Pharmaceutical companies are reporting billions in profits, yet as a society, we seem to be even more sick and troubled than ever. Something is seriously amiss here.
There is an inherent conflict of interest in the current model of treating depression, which is reflected in the barrage of direct to consumer advertising, children being medicated at alarming rates, skyrocketing diagnosis numbers, and the sheer dizzying array of players vying for a piece of this market.
Of course, there are some cases in which medication may be necessary to correct brain chemistry or help halt dementia (which can also be done naturally in some cases). Also, in some situations, there may also be a need for intervention while the root cause of mental illness or depression is uncovered. However, even accounting for those situations, we have to acknowledge a serious problem when:
–> Every overactive child is now labeled with ADHD. As of 2013, 11% of American children had received a diagnosis of ADHD (CDC data) – and this is excluding other mental or behavioral disorders (do you really think that more than a tenth of the nation’s children suffer from this?).
–> Furthermore, according to the CDC “Rates of ADHD diagnosis increased an average of 3% per year from 1997 to 2006 and an average of approximately 5% per year from 2003 to 2011.” These children are then subsequently medicated for behavior that was once deemed normal for an “active” or “inquisitive” child and takes not into consideration the numerous environmental factors that impact a child’s behavior.
–> Women are given antidepressants like candy to treat everything from PMS to normal life changes.
–> Direct to consumer advertising by drug companies is rampant in an effort to increase dependent individuals, thus increase sales. We’ve all heard the famous line “… Ask your Doctor if XYZ drug is
right for you”.
In fact, Physicians have reported patients demanding a specific drug, because they think they need it- and more often than not, they give the patient what he wants to avoid potential problems or complaints down the road.

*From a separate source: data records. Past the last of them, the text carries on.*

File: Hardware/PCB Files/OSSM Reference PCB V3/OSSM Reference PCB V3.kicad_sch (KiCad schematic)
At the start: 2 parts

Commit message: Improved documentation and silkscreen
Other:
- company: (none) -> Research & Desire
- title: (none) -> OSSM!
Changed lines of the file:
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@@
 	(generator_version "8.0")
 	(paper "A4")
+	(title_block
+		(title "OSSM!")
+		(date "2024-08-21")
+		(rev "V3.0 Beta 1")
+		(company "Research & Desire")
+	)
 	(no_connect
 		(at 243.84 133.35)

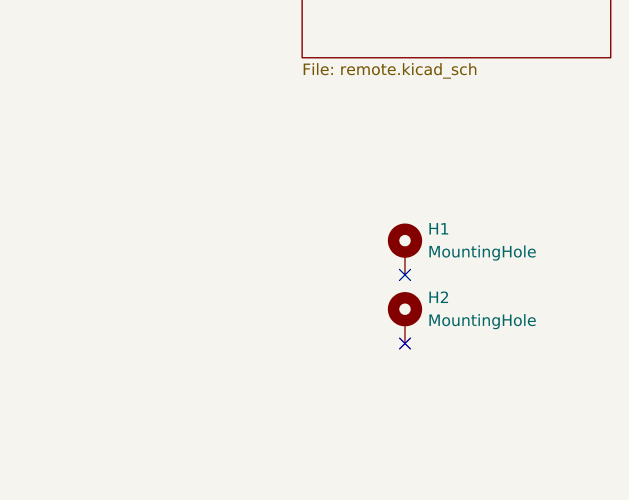
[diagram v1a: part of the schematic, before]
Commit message: Last double check before ordering
Add Test points and Resistor Part numbers
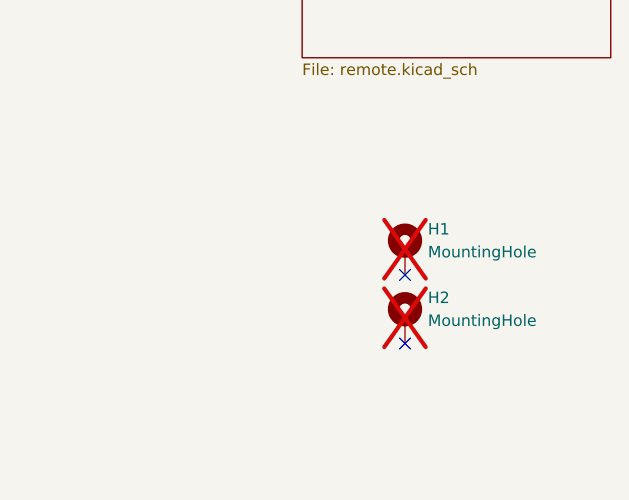
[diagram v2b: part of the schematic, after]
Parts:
- H1, H2: now not fitted
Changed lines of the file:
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@@
 		(in_bom no)
 		(on_board yes)
-		(dnp no)
+		(dnp yes)
 		(fields_autoplaced yes)
 		(property "Reference" "H1"
@@
 		(in_bom no)
 		(on_board yes)
-		(dnp no)
+		(dnp yes)
 		(fields_autoplaced yes)
 		(property "Reference" "H2"

–> Many of the perpetrators in mass shootings and murder tragedies in recent years have been discovered to be taking psychotropic prescription drugs (anti-depressants and anti-anxiety medication), which have been shown to increase anger, depression and suicidal thoughts.
Again, this is not to trivialize or judge the experience of anyone dealing with depression or mental illness– but to provide an alternative backdrop upon which to search for and employ real and lasting solutions. To promote true health- not dependence.
In the current environment, we have largely lost (or been conditioned against) the ability to activate our innate coping mechanisms, reliance on Allah, our option of free thought… and our ability to learn from our experiences (because we can’t see the bigger picture or are too medicated or submerged in our troubles to see the lessons).
InshaAllah, over the coming months, we’ll examine some alternatives, solutions and therapies to address the root causes of depression listed above. This will span many areas and angles- Islamic, biological, societal, holistic and ways in to reduce stress and increase personal fortitude.
*Medical Disclaimer: This article is not intended as medical advice, but is for education purposes. Never stop taking prescribed medication without the consent and supervision of your doctor or qualified medical professional.